== THE RECORDS ==
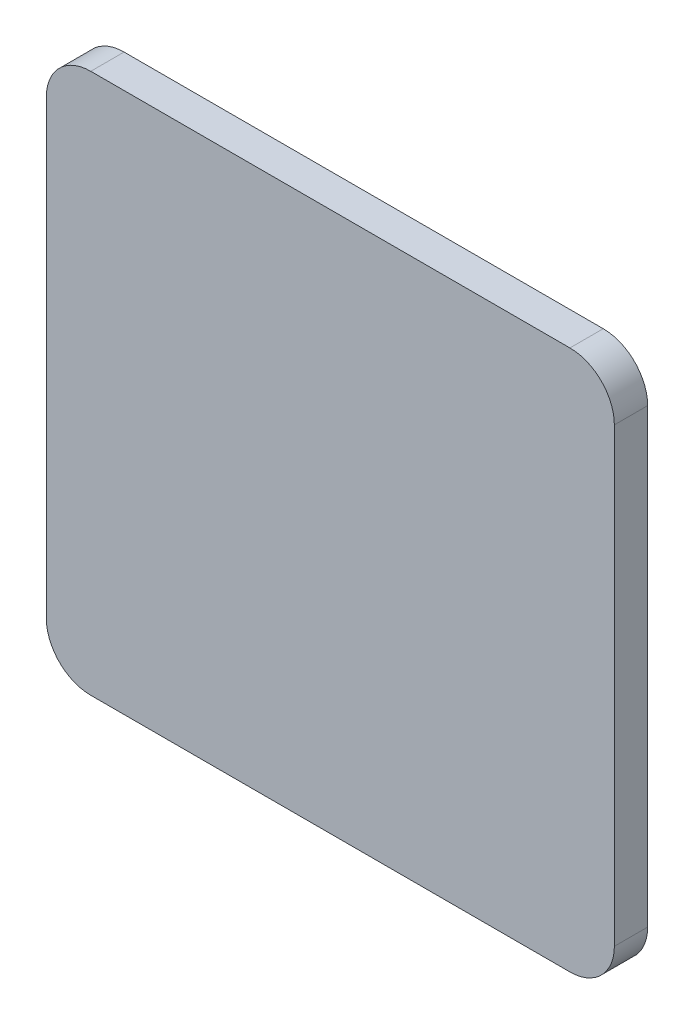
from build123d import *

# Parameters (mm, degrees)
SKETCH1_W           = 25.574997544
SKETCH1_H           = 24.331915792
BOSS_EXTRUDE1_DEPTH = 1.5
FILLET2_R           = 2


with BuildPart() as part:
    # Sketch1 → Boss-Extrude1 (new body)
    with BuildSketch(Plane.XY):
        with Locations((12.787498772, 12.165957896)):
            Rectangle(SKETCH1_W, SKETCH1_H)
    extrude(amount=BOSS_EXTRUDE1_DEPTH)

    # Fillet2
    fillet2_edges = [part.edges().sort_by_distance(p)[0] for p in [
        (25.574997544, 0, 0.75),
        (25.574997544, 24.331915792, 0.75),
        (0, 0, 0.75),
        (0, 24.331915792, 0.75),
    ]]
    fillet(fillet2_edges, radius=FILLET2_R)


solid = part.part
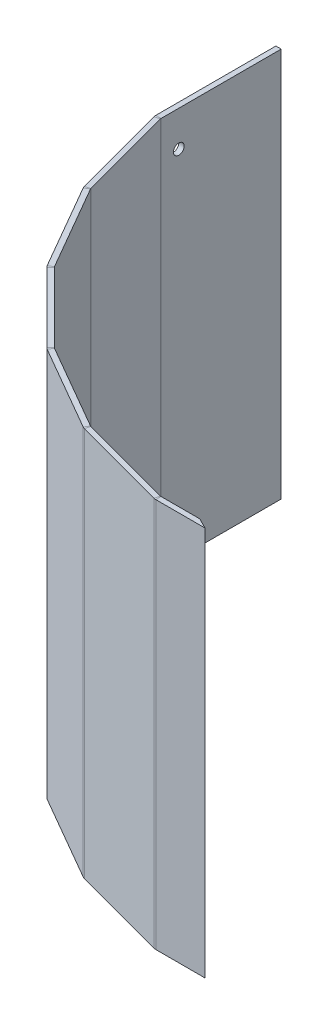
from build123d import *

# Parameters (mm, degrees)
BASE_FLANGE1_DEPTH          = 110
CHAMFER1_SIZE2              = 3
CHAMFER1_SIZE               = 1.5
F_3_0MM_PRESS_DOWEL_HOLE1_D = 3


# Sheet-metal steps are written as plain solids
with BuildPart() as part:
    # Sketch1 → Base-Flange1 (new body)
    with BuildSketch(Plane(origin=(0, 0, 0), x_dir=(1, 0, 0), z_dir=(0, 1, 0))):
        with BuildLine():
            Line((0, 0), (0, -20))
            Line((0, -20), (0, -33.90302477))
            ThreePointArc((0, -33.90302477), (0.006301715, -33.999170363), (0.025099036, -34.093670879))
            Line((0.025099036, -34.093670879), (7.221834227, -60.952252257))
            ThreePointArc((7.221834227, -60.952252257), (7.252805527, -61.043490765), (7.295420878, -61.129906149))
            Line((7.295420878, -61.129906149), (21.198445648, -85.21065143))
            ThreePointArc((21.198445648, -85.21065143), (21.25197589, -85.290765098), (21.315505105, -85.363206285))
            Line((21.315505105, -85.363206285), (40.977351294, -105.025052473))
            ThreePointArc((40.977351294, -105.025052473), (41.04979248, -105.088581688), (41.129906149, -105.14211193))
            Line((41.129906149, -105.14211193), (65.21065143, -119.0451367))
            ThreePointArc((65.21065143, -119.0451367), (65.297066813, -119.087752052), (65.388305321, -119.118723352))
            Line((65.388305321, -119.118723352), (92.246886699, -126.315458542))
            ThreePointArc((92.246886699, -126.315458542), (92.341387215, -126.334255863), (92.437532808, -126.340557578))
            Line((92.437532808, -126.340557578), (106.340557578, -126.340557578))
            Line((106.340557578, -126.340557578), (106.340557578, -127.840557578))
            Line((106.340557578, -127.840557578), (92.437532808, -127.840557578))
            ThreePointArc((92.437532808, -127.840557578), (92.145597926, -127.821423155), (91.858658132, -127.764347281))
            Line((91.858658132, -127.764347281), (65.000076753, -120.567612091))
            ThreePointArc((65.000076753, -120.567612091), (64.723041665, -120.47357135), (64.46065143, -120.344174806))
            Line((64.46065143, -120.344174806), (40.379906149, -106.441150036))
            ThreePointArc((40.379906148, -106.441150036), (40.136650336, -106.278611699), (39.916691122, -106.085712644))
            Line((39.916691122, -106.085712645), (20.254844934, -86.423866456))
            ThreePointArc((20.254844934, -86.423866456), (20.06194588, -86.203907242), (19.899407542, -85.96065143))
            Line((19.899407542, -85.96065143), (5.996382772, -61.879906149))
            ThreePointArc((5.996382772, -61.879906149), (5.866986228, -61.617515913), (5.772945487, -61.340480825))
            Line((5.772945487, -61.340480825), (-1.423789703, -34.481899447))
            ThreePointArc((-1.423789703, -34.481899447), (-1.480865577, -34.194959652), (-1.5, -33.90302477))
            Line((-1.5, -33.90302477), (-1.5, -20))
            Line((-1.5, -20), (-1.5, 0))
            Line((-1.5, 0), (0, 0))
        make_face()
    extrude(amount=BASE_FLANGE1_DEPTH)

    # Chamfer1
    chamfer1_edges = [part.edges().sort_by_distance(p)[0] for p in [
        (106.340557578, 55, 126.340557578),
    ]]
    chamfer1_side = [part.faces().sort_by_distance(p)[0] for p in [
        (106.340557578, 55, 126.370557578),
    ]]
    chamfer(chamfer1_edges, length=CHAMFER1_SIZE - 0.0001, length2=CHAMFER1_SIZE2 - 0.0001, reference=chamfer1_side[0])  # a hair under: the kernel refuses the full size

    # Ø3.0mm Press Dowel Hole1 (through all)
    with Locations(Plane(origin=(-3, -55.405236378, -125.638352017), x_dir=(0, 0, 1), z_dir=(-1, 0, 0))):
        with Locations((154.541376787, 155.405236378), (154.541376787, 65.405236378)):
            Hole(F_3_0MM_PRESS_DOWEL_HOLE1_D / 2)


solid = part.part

== EXERCISE REQUIREMENTS ==
Quote the records in full and exactly; skip any image.

== ANSWER SPACE ==
from build123d import *

# Parameters (mm, degrees)
SKETCH1_W           = 25.574997544
SKETCH1_H           = 24.331915792
BOSS_EXTRUDE1_DEPTH = 1.5
FILLET2_R           = 2


with BuildPart() as part:
    # Sketch1 → Boss-Extrude1 (new body)
    with BuildSketch(Plane.XY):
        with Locations((12.787498772, 12.165957896)):
            Rectangle(SKETCH1_W, SKETCH1_H)
    extrude(amount=BOSS_EXTRUDE1_DEPTH)

    # Fillet2
    fillet2_edges = [part.edges().sort_by_distance(p)[0] for p in [
        (25.574997544, 0, 0.75),
        (25.574997544, 24.331915792, 0.75),
        (0, 0, 0.75),
        (0, 24.331915792, 0.75),
    ]]
    fillet(fillet2_edges, radius=FILLET2_R)


solid = part.part
from build123d import *

# Parameters (mm, degrees)
BASE_FLANGE1_DEPTH          = 110
CHAMFER1_SIZE2              = 3
CHAMFER1_SIZE               = 1.5
F_3_0MM_PRESS_DOWEL_HOLE1_D = 3


# Sheet-metal steps are written as plain solids
with BuildPart() as part:
    # Sketch1 → Base-Flange1 (new body)
    with BuildSketch(Plane(origin=(0, 0, 0), x_dir=(1, 0, 0), z_dir=(0, 1, 0))):
        with BuildLine():
            Line((0, 0), (0, -20))
            Line((0, -20), (0, -33.90302477))
            ThreePointArc((0, -33.90302477), (0.006301715, -33.999170363), (0.025099036, -34.093670879))
            Line((0.025099036, -34.093670879), (7.221834227, -60.952252257))
            ThreePointArc((7.221834227, -60.952252257), (7.252805527, -61.043490765), (7.295420878, -61.129906149))
            Line((7.295420878, -61.129906149), (21.198445648, -85.21065143))
            ThreePointArc((21.198445648, -85.21065143), (21.25197589, -85.290765098), (21.315505105, -85.363206285))
            Line((21.315505105, -85.363206285), (40.977351294, -105.025052473))
            ThreePointArc((40.977351294, -105.025052473), (41.04979248, -105.088581688), (41.129906149, -105.14211193))
            Line((41.129906149, -105.14211193), (65.21065143, -119.0451367))
            ThreePointArc((65.21065143, -119.0451367), (65.297066813, -119.087752052), (65.388305321, -119.118723352))
            Line((65.388305321, -119.118723352), (92.246886699, -126.315458542))
            ThreePointArc((92.246886699, -126.315458542), (92.341387215, -126.334255863), (92.437532808, -126.340557578))
            Line((92.437532808, -126.340557578), (106.340557578, -126.340557578))
            Line((106.340557578, -126.340557578), (106.340557578, -127.840557578))
            Line((106.340557578, -127.840557578), (92.437532808, -127.840557578))
            ThreePointArc((92.437532808, -127.840557578), (92.145597926, -127.821423155), (91.858658132, -127.764347281))
            Line((91.858658132, -127.764347281), (65.000076753, -120.567612091))
            ThreePointArc((65.000076753, -120.567612091), (64.723041665, -120.47357135), (64.46065143, -120.344174806))
            Line((64.46065143, -120.344174806), (40.379906149, -106.441150036))
            ThreePointArc((40.379906148, -106.441150036), (40.136650336, -106.278611699), (39.916691122, -106.085712644))
            Line((39.916691122, -106.085712645), (20.254844934, -86.423866456))
            ThreePointArc((20.254844934, -86.423866456), (20.06194588, -86.203907242), (19.899407542, -85.96065143))
            Line((19.899407542, -85.96065143), (5.996382772, -61.879906149))
            ThreePointArc((5.996382772, -61.879906149), (5.866986228, -61.617515913), (5.772945487, -61.340480825))
            Line((5.772945487, -61.340480825), (-1.423789703, -34.481899447))
            ThreePointArc((-1.423789703, -34.481899447), (-1.480865577, -34.194959652), (-1.5, -33.90302477))
            Line((-1.5, -33.90302477), (-1.5, -20))
            Line((-1.5, -20), (-1.5, 0))
            Line((-1.5, 0), (0, 0))
        make_face()
    extrude(amount=BASE_FLANGE1_DEPTH)

    # Chamfer1
    chamfer1_edges = [part.edges().sort_by_distance(p)[0] for p in [
        (106.340557578, 55, 126.340557578),
    ]]
    chamfer1_side = [part.faces().sort_by_distance(p)[0] for p in [
        (106.340557578, 55, 126.370557578),
    ]]
    chamfer(chamfer1_edges, length=CHAMFER1_SIZE - 0.0001, length2=CHAMFER1_SIZE2 - 0.0001, reference=chamfer1_side[0])  # a hair under: the kernel refuses the full size

    # Ø3.0mm Press Dowel Hole1 (through all)
    with Locations(Plane(origin=(-3, -55.405236378, -125.638352017), x_dir=(0, 0, 1), z_dir=(-1, 0, 0))):
        with Locations((154.541376787, 155.405236378), (154.541376787, 65.405236378)):
            Hole(F_3_0MM_PRESS_DOWEL_HOLE1_D / 2)


solid = part.part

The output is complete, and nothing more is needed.